# Focal Demo CD or Iasca CD



## lanzarrule

Looking for some SQ demo music and test CD with pink noise ect. All the stuff I have found on this site is from around 2008-2012 and none of the links work anymore. Is there a place to go and get this kinda download? Thanks ahead of time.


----------



## goodstuff

lanzarrule said:


> Looking for some SQ demo music and test CD with pink noise ect. All the stuff I have found on this site is from around 2008-2012 and none of the links work anymore. Is there a place to go and get this kinda download? Thanks ahead of time.

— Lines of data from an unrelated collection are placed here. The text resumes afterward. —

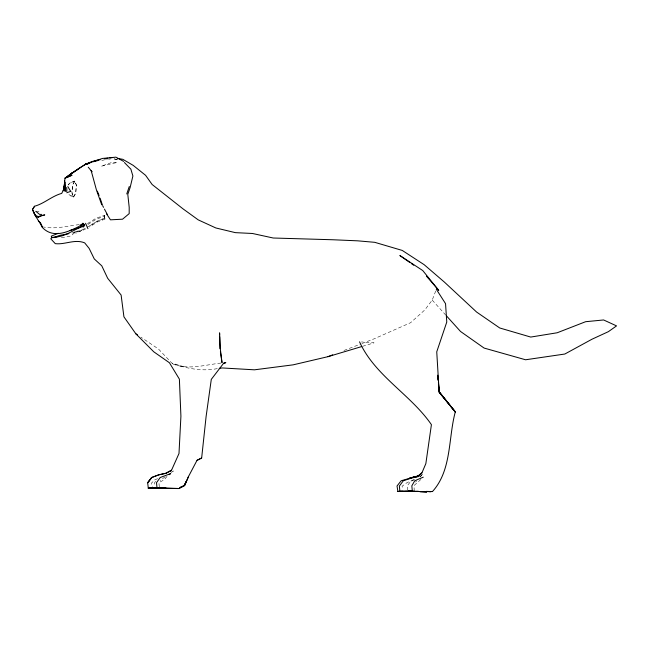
<?xml version="1.0" encoding="UTF-8"?>
<svg xmlns="http://www.w3.org/2000/svg" width="649" height="649" viewBox="0 0 649 649"><rect width="100%" height="100%" fill="white"/><g stroke="black" fill="none" stroke-linecap="round" stroke-linejoin="round"><path stroke-width="0.49" stroke-dasharray="3.25 2.43" d="M72.217 189.678L72.672 184.681L74.886 181.063L76.379 185.444L75.649 193.443L73.434 197.053L70.96 196.103L68.924 194.465M87.453 223.621L95.736 218.405L104.521 215.298L104.951 219.167L97.52 221.877L89.359 227.061M435.706 290.987L432.218 300.098L424.868 309.881L410.59 322.715L374.027 338.859L361.817 343.581M74.684 181.063L72.518 185.33L71.99 193.329L73.637 197.061L75.803 192.794L76.331 184.795L74.684 181.063L69.824 183.01L68.113 184.957M73.524 232.78L76.493 232.991L81.222 230.565L83.924 225.998L83.964 228.075L83.591 226.566M81.222 230.565L81.531 230.062M167.028 476.382L164.286 479.733L158.916 482.661L159.411 488.17M420.455 476.626L422.223 474.484M155.719 481.339L154.519 482.791L154.892 486.312M420.106 476.926L422.807 473.77M68.21 184.957L69.97 183.018L74.886 181.063M420.868 479.473L414.013 485.582L414.232 491.309M415.538 482.069L416.796 480.747M165.162 476.78L160.084 480.503M171.093 472.537L173.348 470.996L170.89 472.561M87.948 224.424L96.19 219.224L104.57 216.214L104.805 218.405L97.326 221.131L89.043 226.355M104.805 218.405L104.521 215.298M85.846 228.797L80.573 231.385L71.812 233.088M414.533 479.238L411.036 480.885L407.199 485.971L407.613 490.376M343.97 350.484L360.876 343.946M413.997 480L407.337 482.426L402.096 486.215L402.688 489.606M105.065 218.242C94.34 220.571 86.723 230.152 75.722 231.547L71.057 235.895L65.054 237.258L60.479 237.218M157.658 478.711L155.135 479.603L151.501 483.099L152.328 487.066M362.523 346.315L374.035 342.867L361.461 341.95M101.812 160.498L104.749 159.759M74.53 231.669L80.289 230.541M108.602 159.224L110.533 158.956M217.277 368.616C202.18 371.707 186.579 368.405 172.212 363.578M220.936 363.059C204.427 364.9 187.488 370.66 171.328 363.27M79.275 224.611C67.293 225.941 55.652 229.422 43.41 226.98M35.825 211.298L38.713 211.615L40.352 212.677M114.029 158.916L118.548 160.173M114.386 158.843L118.248 159.995M183.724 366.701L171.774 363.018L158.421 348.951L140.857 337.164M73.637 197.061L69.07 194.465M432.218 300.098L445.709 315.041M71.942 192.68L73.434 197.053M111.23 162.656L101.066 166.282L117.396 162.396L111.23 162.656"/><path stroke-width="0.97" d="M64.973 191.049L65.249 185.103L64.973 191.049L66.904 191.325M66.677 187.504L66.871 190.538M438.408 382.107L439.373 392.045L455.29 411.928C448.167 438.116 451.899 470.127 432.469 491.544L397.886 491.431L397.034 485.996L401.131 480.779L419.197 475.53M83.591 226.566L84.354 224.887L83.648 224.043C71.171 230.419 54.118 240.162 42.193 227.304C39.321 221.179 34.778 216.06 32.45 209.505L34.551 206.244C44.319 203.559 51.888 196.039 61.736 193.386L63.513 189.727L64.811 182.012L64.924 183.789L64.081 187.391L64.989 178.167C75.909 170.857 86.301 161.228 100.027 159.792M64.519 186.588L63.294 190.782L64.924 183.789L64.486 180.609M126.75 193.962L129.273 186.506M52.042 237.648L50.76 238.775L55.279 243.643C65.127 244.86 74.74 238.808 84.686 242.872L89.148 248.405L94.275 258.927L101.788 265.847L107.661 278.259L121.112 295.035L123.927 316.842L135.844 333.797L153.772 351.807L169.413 362.742L179.384 379.13L180.917 416.196L178.994 453.513L171.531 470.225L166.063 473.299L158.64 474.841L151.606 477.55L147.664 482.815L148.305 488.137L179.319 488.502L184.6 485.566L188.591 476.334M184.6 485.566L188.567 476.407L197.02 460.336L201.644 458.007M411.726 491.374L399.889 491.35L399.362 486.052L403.313 480.779L411.539 478.053L418.816 476.48L421.931 472.829L425.849 463.621L431.415 424.657C410.728 394.495 374.895 375.828 359.53 341.812M32.588 209.44L34.551 206.244M151.785 477.55L147.688 482.751L151.688 477.502L158.754 474.865L165.925 473.194L171.531 470.225L170.395 471.669M68.072 176.009L66.523 177.42L72.112 172.918L68.072 176.009L85.676 164.067M70.952 191.268L66.758 192.761M417.388 476.407L410.346 477.915L417.388 476.407L421.931 472.829M36.604 215.509L37.991 217.293L39.581 216.141L44.765 214.892L41.779 215.719M169.129 474.654L170.679 473.592L160.157 477.534L156.514 482.702L157.026 488.129L162.583 488.21M71.617 173.299L79.624 168.148M197.02 460.336L201.652 458.016L206.114 416.439L211.298 379.365L223.28 363.7L225.82 362.661L223.864 362.815M84.832 224.911L78.724 227.921L69.946 230.484M179.83 487.675L184.065 485.671L186.32 481.412L184.065 485.671L180 487.488M419.286 475.384L416.65 476.585L409.576 477.997M88.191 163.678L85.295 164.294L102.412 158.453L115.887 157.163L123.643 161.39M80.2 225.56L83.648 224.043L82.845 223.199L84.354 224.887L83.924 225.998C73.945 229.097 65.857 236.812 54.914 237.047M55.157 237.193L59.197 235.49L68.899 233.648M58.248 233.259L51.255 236.171L51.669 237.007M37.991 217.293L41.017 216.036M219.248 368.348L222.201 367.951L254.473 369.816L293.129 364.843L327.996 356.666L332.694 354.849M423.278 477.169L414.743 480.771L411.839 485.833L412.326 491.252L418.329 491.244M85.295 164.294L89.846 162.875M89.96 162.826L85.546 164.189L88.369 163.597M327.996 356.666L361.566 346.607M93.48 161.739L98.234 160.449M178.134 488.47L148.305 488.105L179.319 488.502M52.253 237.461L57.566 236.634M107.637 158.656L104.895 158.648L107.807 158.242M109.746 157.975L112.658 157.577M148.305 488.137L178.662 488.567M400.936 491.358L414.232 491.309L397.886 491.431L411.636 491.342M51.936 237.566L54.354 237.534M399.889 491.35L402.98 491.301M104.895 158.648L107.734 158.616M41.731 214.405L39.605 214.43L35.825 211.298M148.305 488.105L159.411 488.17M405.414 491.374L411.344 491.439M428.137 491.609L431.098 491.642L429.151 491.618M160.749 488.202L166.241 488.267M411.328 491.244L408.359 491.204L412.253 491.334M155.947 488.129L157.65 488.202L155.079 488.08L166.039 488.283M426.255 491.398L432.469 491.544M419.781 491.618L426.831 491.837L420.025 491.601M419.741 491.601L426.831 491.837M117.282 158.364L122.831 159.321L133.183 165.365L145.587 175.311L152.15 184.519L182.961 208.816L198.245 219.881L215.857 227.969L235.36 232.642L252.485 233.486L273.245 238.013L333.075 239.765L357.64 240.828L374.749 242.32L402.258 250.433L424.146 264.678L444.427 282.128L476.593 312.039L499.722 327.972L530.736 337.066L557.191 332.767L585.641 321.701L603.627 319.965L616.55 325.895L608.389 331.655L591.969 339.232L564.833 354.029L525.576 359.773L484.089 348.059L460.539 331.477L446.382 315.787M135.844 333.797L137.515 334.916M409.665 262.383L399.857 255.528L422.742 270.544L438.748 290.354L426.45 276.174M411.296 263.518L413.746 265.238M38.291 220.976L39.646 221.926M124.405 162.534L130.871 169.17L132.891 176.009L130.125 187.561L127.796 194.335L129.192 207.339L129.192 213.626L122.556 219.192L110.46 219.824L106.436 213.651M88.24 167.191L92.02 171.766L91.168 170.638L96.498 190.173L101.755 204.849M436.29 289.203L445.547 303.667L446.772 322.058L436.745 351.831L439.17 392.239L455.282 411.896L439.17 392.239L438.44 384.249M70.733 191.504L67.82 186.579M439.373 392.045L455.282 411.896M102.599 205.611L103.532 207.347M104.457 209.092L107.239 214.308M33.935 212.75L36.02 216.79L32.969 210.292M40.319 222.396L42.428 226.947M85.546 223.264L87.94 228.699M97.342 191.163L99.094 195.519M100.108 198.196L102.291 204.686M220.392 351.685L222.015 362.661L220.311 348.732L219.589 332.848L219.63 334.827M437.734 375.154L438.213 380.119M437.71 376.258L438.075 380.257M219.678 336.807L219.946 348.7M67.967 176.893L64.989 178.167L72.023 175.222L67.967 176.893M83.648 224.043L81.06 224.481L83.648 224.043"/></g></svg>
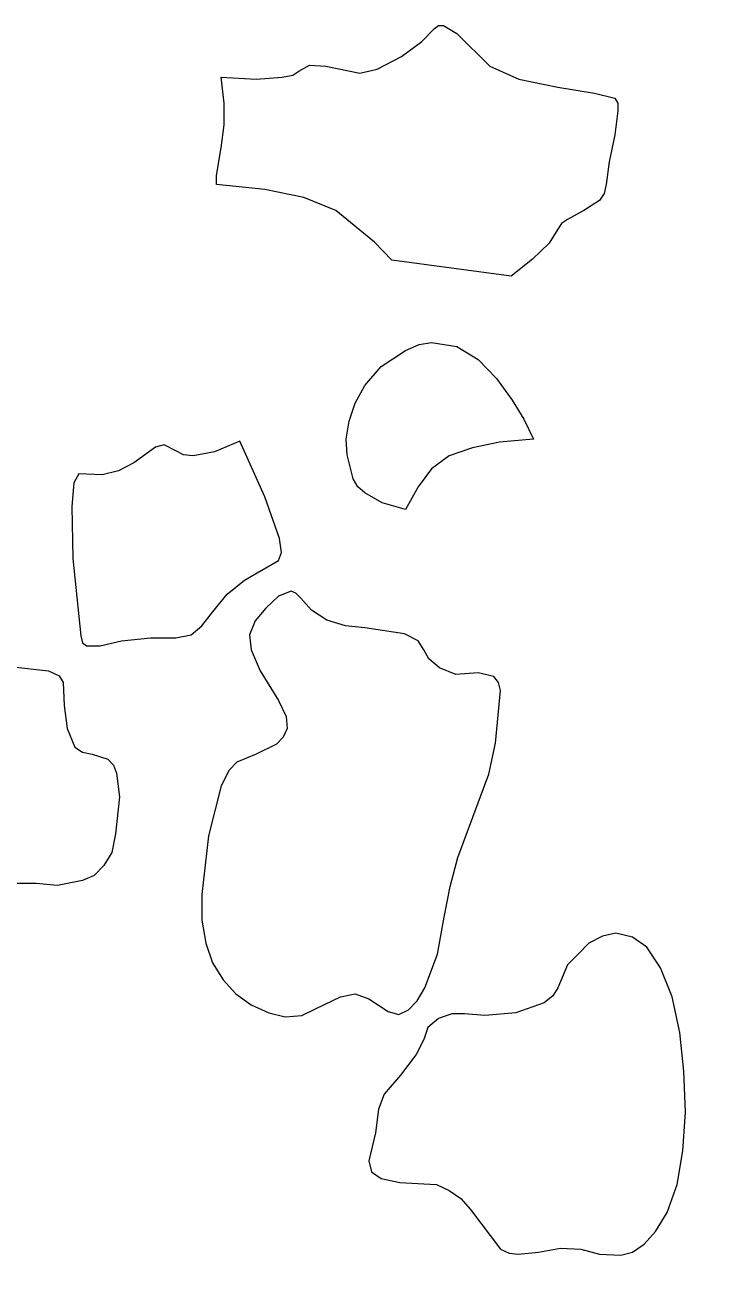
# Model space of a CAD drawing. Header units: centimetres. Extents: x -20.5 to -14.5, y -9 to 9.
# Drawn here: x -18.956 to -17.392, y -7.344 to -4.499 of the extents above; entities that cross this region are included whole.
import ezdxf

# ---------------------------------------------------------------- set-up
doc = ezdxf.new("R2010")
doc.units = ezdxf.units.CM
doc.header["$MEASUREMENT"] = 0
doc.layers.add('layer 1', color=7, linetype='Continuous')

msp = doc.modelspace()

# ---------------------------------------------------------------- linework, layer by layer
at = {"layer": 'layer 1', "color": 250}
for points, knots in [([(-14.52121, -8.99444), (-14.52121, -8.99444), (-20.51992, -8.99536), (-20.51992, -8.99536), (-20.51992, -8.99536), (-20.51992, -8.99536), (-20.51992, 9.00077), (-20.51992, 9.00077), (-20.51992, 9.00077), (-20.51992, 9.00077), (-14.52121, 9.00077), (-14.52121, 9.00077), (-14.52121, 9.00077), (-14.52121, 9.00077), (-14.52121, -8.99444), (-14.52121, -8.99444)], [0, 0, 0, 0, 0.2, 0.2, 0.2, 0.2, 0.4, 0.4, 0.4, 0.4, 0.6, 0.6, 0.6, 0.6, 1, 1, 1, 1]), ([(-18.52035, -4.86252), (-18.52035, -4.86252), (-18.41004, -4.87395), (-18.41004, -4.87395), (-18.41004, -4.87395), (-18.41004, -4.87395), (-18.32172, -4.89202), (-18.32172, -4.89202), (-18.32172, -4.89202), (-18.32172, -4.89202), (-18.24874, -4.92134), (-18.24874, -4.92134), (-18.24874, -4.92134), (-18.24874, -4.92134), (-18.16076, -4.9938), (-18.16076, -4.9938), (-18.16076, -4.9938), (-18.16076, -4.9938), (-18.12077, -5.03455), (-18.12077, -5.03455), (-18.12077, -5.03455), (-18.12077, -5.03455), (-17.84949, -5.07069), (-17.84949, -5.07069), (-17.84949, -5.07069), (-17.84949, -5.07069), (-17.80084, -5.03216), (-17.80084, -5.03216), (-17.80084, -5.03216), (-17.80084, -5.03216), (-17.76318, -4.99602), (-17.76318, -4.99602), (-17.76318, -4.99602), (-17.76318, -4.99602), (-17.74352, -4.9643), (-17.74352, -4.9643), (-17.74352, -4.9643), (-17.74352, -4.9643), (-17.73452, -4.95084), (-17.73452, -4.95084), (-17.73452, -4.95084), (-17.73452, -4.95084), (-17.72152, -4.94181), (-17.72152, -4.94181), (-17.72152, -4.94181), (-17.72152, -4.94181), (-17.68386, -4.92134), (-17.68386, -4.92134), (-17.68386, -4.92134), (-17.68386, -4.92134), (-17.64854, -4.89866), (-17.64854, -4.89866), (-17.64854, -4.89866), (-17.64854, -4.89866), (-17.63754, -4.88299), (-17.63754, -4.88299), (-17.63754, -4.88299), (-17.63754, -4.88299), (-17.63321, -4.86252), (-17.63321, -4.86252), (-17.63321, -4.86252), (-17.63321, -4.86252), (-17.62654, -4.81052), (-17.62654, -4.81052), (-17.62654, -4.81052), (-17.62654, -4.81052), (-17.61321, -4.74949), (-17.61321, -4.74949), (-17.61321, -4.74949), (-17.61321, -4.74949), (-17.60655, -4.6951), (-17.60655, -4.6951), (-17.60655, -4.6951), (-17.60655, -4.6951), (-17.60655, -4.67703), (-17.60655, -4.67703), (-17.60655, -4.67703), (-17.60655, -4.67703), (-17.61321, -4.66578), (-17.61321, -4.66578), (-17.61321, -4.66578), (-17.61321, -4.66578), (-17.65953, -4.65453), (-17.65953, -4.65453), (-17.65953, -4.65453), (-17.65953, -4.65453), (-17.74352, -4.64089), (-17.74352, -4.64089), (-17.74352, -4.64089), (-17.74352, -4.64089), (-17.83183, -4.62282), (-17.83183, -4.62282), (-17.83183, -4.62282), (-17.83183, -4.62282), (-17.89782, -4.59332), (-17.89782, -4.59332), (-17.89782, -4.59332), (-17.89782, -4.59332), (-17.97313, -4.51864), (-17.97313, -4.51864), (-17.97313, -4.51864), (-17.97313, -4.51864), (-18.00379, -4.50057), (-18.00379, -4.50057), (-18.00379, -4.50057), (-18.00379, -4.50057), (-18.01479, -4.50057), (-18.01479, -4.50057), (-18.01479, -4.50057), (-18.01479, -4.50057), (-18.02379, -4.50739), (-18.02379, -4.50739), (-18.02379, -4.50739), (-18.02379, -4.50739), (-18.05245, -4.53689), (-18.05245, -4.53689), (-18.05245, -4.53689), (-18.05245, -4.53689), (-18.09877, -4.57082), (-18.09877, -4.57082), (-18.09877, -4.57082), (-18.09877, -4.57082), (-18.15409, -4.60014), (-18.15409, -4.60014), (-18.15409, -4.60014), (-18.15409, -4.60014), (-18.19375, -4.60917), (-18.19375, -4.60917), (-18.19375, -4.60917), (-18.19375, -4.60917), (-18.27107, -4.59332), (-18.27107, -4.59332), (-18.27107, -4.59332), (-18.27107, -4.59332), (-18.30839, -4.5911), (-18.30839, -4.5911), (-18.30839, -4.5911), (-18.30839, -4.5911), (-18.33272, -4.60475), (-18.33272, -4.60475), (-18.33272, -4.60475), (-18.33272, -4.60475), (-18.34605, -4.61378), (-18.34605, -4.61378), (-18.34605, -4.61378), (-18.34605, -4.61378), (-18.37038, -4.61821), (-18.37038, -4.61821), (-18.37038, -4.61821), (-18.37038, -4.61821), (-18.4297, -4.62282), (-18.4297, -4.62282), (-18.4297, -4.62282), (-18.4297, -4.62282), (-18.50935, -4.61821), (-18.50935, -4.61821), (-18.50935, -4.61821), (-18.50935, -4.61821), (-18.50269, -4.67703), (-18.50269, -4.67703), (-18.50269, -4.67703), (-18.50269, -4.67703), (-18.50269, -4.72681), (-18.50269, -4.72681), (-18.50269, -4.72681), (-18.50269, -4.72681), (-18.50935, -4.77881), (-18.50935, -4.77881), (-18.50935, -4.77881), (-18.50935, -4.77881), (-18.52035, -4.84224), (-18.52035, -4.84224), (-18.52035, -4.84224), (-18.52035, -4.84224), (-18.52035, -4.86252), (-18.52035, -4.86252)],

You need to buy the IASCA cd. It shouldn't be available anywhere other than from iasca.com


----------



## lanzarrule

This is the link to what I was looking for but the links are no longer active.
http://www.diymobileaudio.com/forum...32-focal-jmlab-demo-test-discs-1-9-enjoy.html


----------



## SullyTT

Thanks dude, I'll be sure to check them out.


----------



## dvcrogers

Downloadable test tones and sound audio alignment tools.


----------



## k24_powered_dc5

lanzarrule said:


> This is the link to what I was looking for but the links are no longer active.
> http://www.diymobileaudio.com/forum...32-focal-jmlab-demo-test-discs-1-9-enjoy.html


it didn't work, do I need some kind of client?

thought it was a direct link.


----------